(Recorded data)
»»

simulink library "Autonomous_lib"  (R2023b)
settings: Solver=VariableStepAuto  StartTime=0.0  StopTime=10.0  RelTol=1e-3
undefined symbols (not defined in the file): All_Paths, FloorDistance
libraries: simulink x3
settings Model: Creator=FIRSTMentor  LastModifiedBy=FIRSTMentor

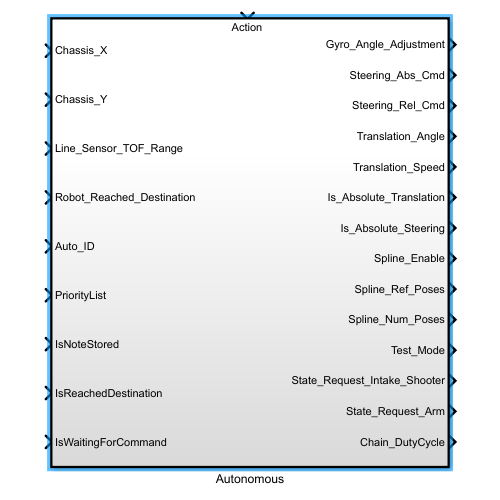
[thumbnail: Simulink's stored preview of the top-level diagram]
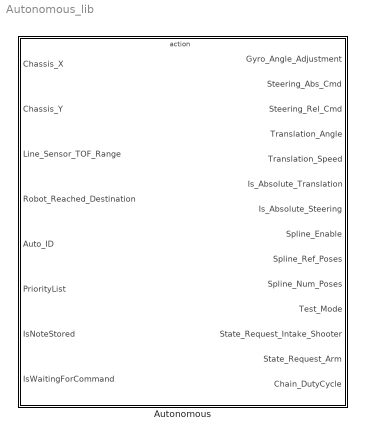
== system Autonomous_lib ==
  Autonomous : Subsystem  TreatAsAtomicUnit=on

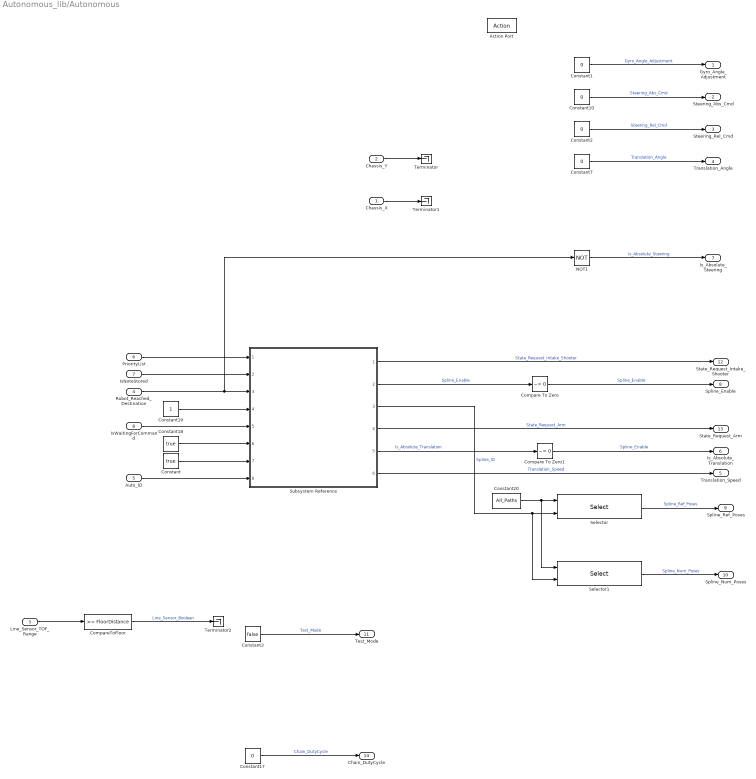
== system Autonomous_lib/Autonomous ==
  Chassis_X : Inport
  Chassis_Y : Inport  Port=2
  Line_Sensor_TOF_Range : Inport  Port=3
  Robot_Reached_Destination : Inport  Port=4
  Auto_ID : Inport  Port=5
  PriorityList : Inport  Port=6
  IsNoteStored : Inport  Port=7
  IsWaitingForCommand : Inport  Port=8
  Action Port : ActionPort  InitializeStates=reset
  Compare To Zero : simulink/Logic and Bit Operations/Compare To Zero  relop=~=  OutDataTypeStr=boolean
  Compare To Zero1 : simulink/Logic and Bit Operations/Compare To Zero  relop=~=  OutDataTypeStr=boolean
  CompareToFloor : simulink/Logic and Bit Operations/Compare To Constant  relop=>=  const=FloorDistance  OutDataTypeStr=boolean
  Constant : Constant  Value=true
  Constant{1..2,7,10,17} (5 alike) : Constant  Value=0
  Constant18 : Constant  Value=true
  Constant19 : Constant
  Constant20 : Constant  Value=All_Paths
  Constant3 : Constant  Value=false  OutDataTypeStr=boolean
  NOT1 : Logic  Operator=NOT  AllPortsSameDT=off  OutDataTypeStr=boolean
  Selector : Selector  NumberOfDimensions=2  InputPortWidth=3  IndexOptions=Index vector (port),Index vector (dialog)  Indices=[1 3],1  OutputSizes=1,1
  Selector1 : Selector  NumberOfDimensions=2  InputPortWidth=3  IndexOptions=Index vector (port),Index vector (dialog)  Indices=[1 3],2  OutputSizes=1,1
  Subsystem Reference : Subsystem  ReferencedSubsystem=State_Interpreter
  Terminator : Terminator
  Terminator1 : Terminator
  Terminator2 : Terminator
  Gyro_Angle_Adjustment : Outport
  Steering_Abs_Cmd : Outport  Port=2
  Steering_Rel_Cmd : Outport  Port=3
  Translation_Angle : Outport  Port=4
  Translation_Speed : Outport  Port=5
  Is_Absolute_Translation : Outport  Port=6
  Is_Absolute_Steering : Outport  Port=7
  Spline_Enable : Outport  Port=8
  Spline_Ref_Poses : Outport  Port=9
  Spline_Num_Poses : Outport  Port=10
  Test_Mode : Outport  Port=11
  State_Request_Intake_Shooter : Outport  Port=12
  State_Request_Arm : Outport  Port=13
  Chain_DutyCycle : Outport  Port=14
  wires:
  Subsystem Reference/5 -> Compare To Zero1/1  "Is_Absolute_Translation"
  Constant2/1 -> Steering_Rel_Cmd/1  "Steering_Rel_Cmd"
  Constant10/1 -> Steering_Abs_Cmd/1  "Steering_Abs_Cmd"
  Constant1/1 -> Gyro_Angle_Adjustment/1  "Gyro_Angle_Adjustment"
  Selector/1 -> Spline_Ref_Poses/1  "Spline_Ref_Poses"
  Selector1/1 -> Spline_Num_Poses/1  "Spline_Num_Poses"
  Chassis_Y/1 -> Terminator/1
  Chassis_X/1 -> Terminator1/1
  Constant7/1 -> Translation_Angle/1  "Translation_Angle"
  Subsystem Reference/6 -> Translation_Speed/1  "Translation_Speed"
  Subsystem Reference/3 -> Selector1/2, Selector/2  "Spline_ID"
  NOT1/1 -> Is_Absolute_Steering/1  "Is_Absolute_Steering"
  Constant3/1 -> Test_Mode/1  "Test_Mode"
  Subsystem Reference/4 -> State_Request_Arm/1  "State_Request_Arm"
  Subsystem Reference/1 -> State_Request_Intake_Shooter/1  "State_Request_Intake_Shooter"
  CompareToFloor/1 -> Terminator2/1  "Line_Sensor_Boolean"
  Line_Sensor_TOF_Range/1 -> CompareToFloor/1
  Constant17/1 -> Chain_DutyCycle/1  "Chain_DutyCycle"
  Auto_ID/1 -> Subsystem Reference/8
  Constant/1 -> Subsystem Reference/7
  PriorityList/1 -> Subsystem Reference/1
  Constant18/1 -> Subsystem Reference/6
  Constant19/1 -> Subsystem Reference/4
  Robot_Reached_Destination/1 -> NOT1/1, Subsystem Reference/3
  IsNoteStored/1 -> Subsystem Reference/2
  IsWaitingForCommand/1 -> Subsystem Reference/5
  Constant20/1 -> Selector1/1, Selector/1
  Subsystem Reference/2 -> Compare To Zero/1  "Spline_Enable"
  Compare To Zero/1 -> Spline_Enable/1  "Spline_Enable"
  Compare To Zero1/1 -> Is_Absolute_Translation/1  "Spline_Enable"
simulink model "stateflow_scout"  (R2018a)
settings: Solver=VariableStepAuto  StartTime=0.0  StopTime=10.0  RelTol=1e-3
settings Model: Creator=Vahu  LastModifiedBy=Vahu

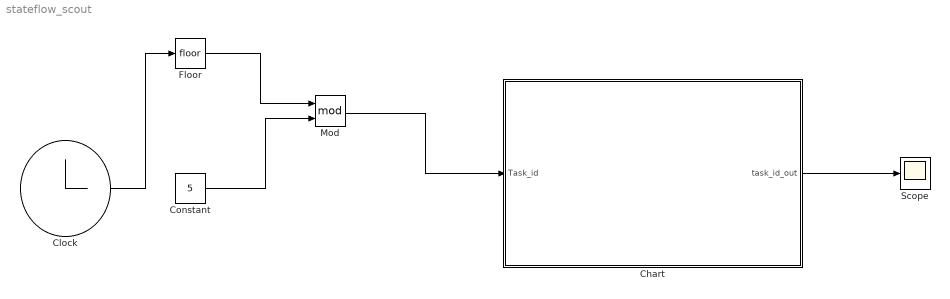
== system stateflow_scout ==
  Chart : Stateflow chart  TreatAsAtomicUnit=on
  Clock : Clock
  Constant : Constant  Value=5
  Floor : Rounding
  Mod : Math  Operator=mod  SaturateOnIntegerOverflow=on
  Scope : Scope
  wires:
  Clock/1 -> Floor/1
  Constant/1 -> Mod/2
  Floor/1 -> Mod/1
  Mod/1 -> Chart/1(Task_id)
  Chart/1(task_id_out) -> Scope/1

== stateflow chart stateflow_scout/Chart ==
  state sensor
    during: Task_id <= 3;
  state Referee
    entry: task_id_out = 1
    during: Task_id <= 2;
  state idle
    entry: task_id_out = 0
    during: Task_id <= 1
  state team_mate
    during: Task_id <= 4;
  state drive_decision
  (default) -> idle
  Referee -> sensor : [Task_id == 2]{task_id_out = 2}
  idle -> Referee : [Task_id == 1]{task_id_out = 1}
  sensor -> team_mate : [Task_id == 3]{task_id_out = 3}
  drive_decision -> idle : [Task_id == 0]{task_id_out = 0}
  team_mate -> drive_decision : [Task_id == 4]{task_id_out = 4}
  data: Task_id input; task_id_out output

««

- _Problem_
The word to look for is "dialog"; copy out every line of the entries that holds it.

- _Response_
  Selector : Selector  NumberOfDimensions=2  InputPortWidth=3  IndexOptions=Index vector (port),Index vector (dialog)  Indices=[1 3],1  OutputSizes=1,1
  Selector1 : Selector  NumberOfDimensions=2  InputPortWidth=3  IndexOptions=Index vector (port),Index vector (dialog)  Indices=[1 3],2  OutputSizes=1,1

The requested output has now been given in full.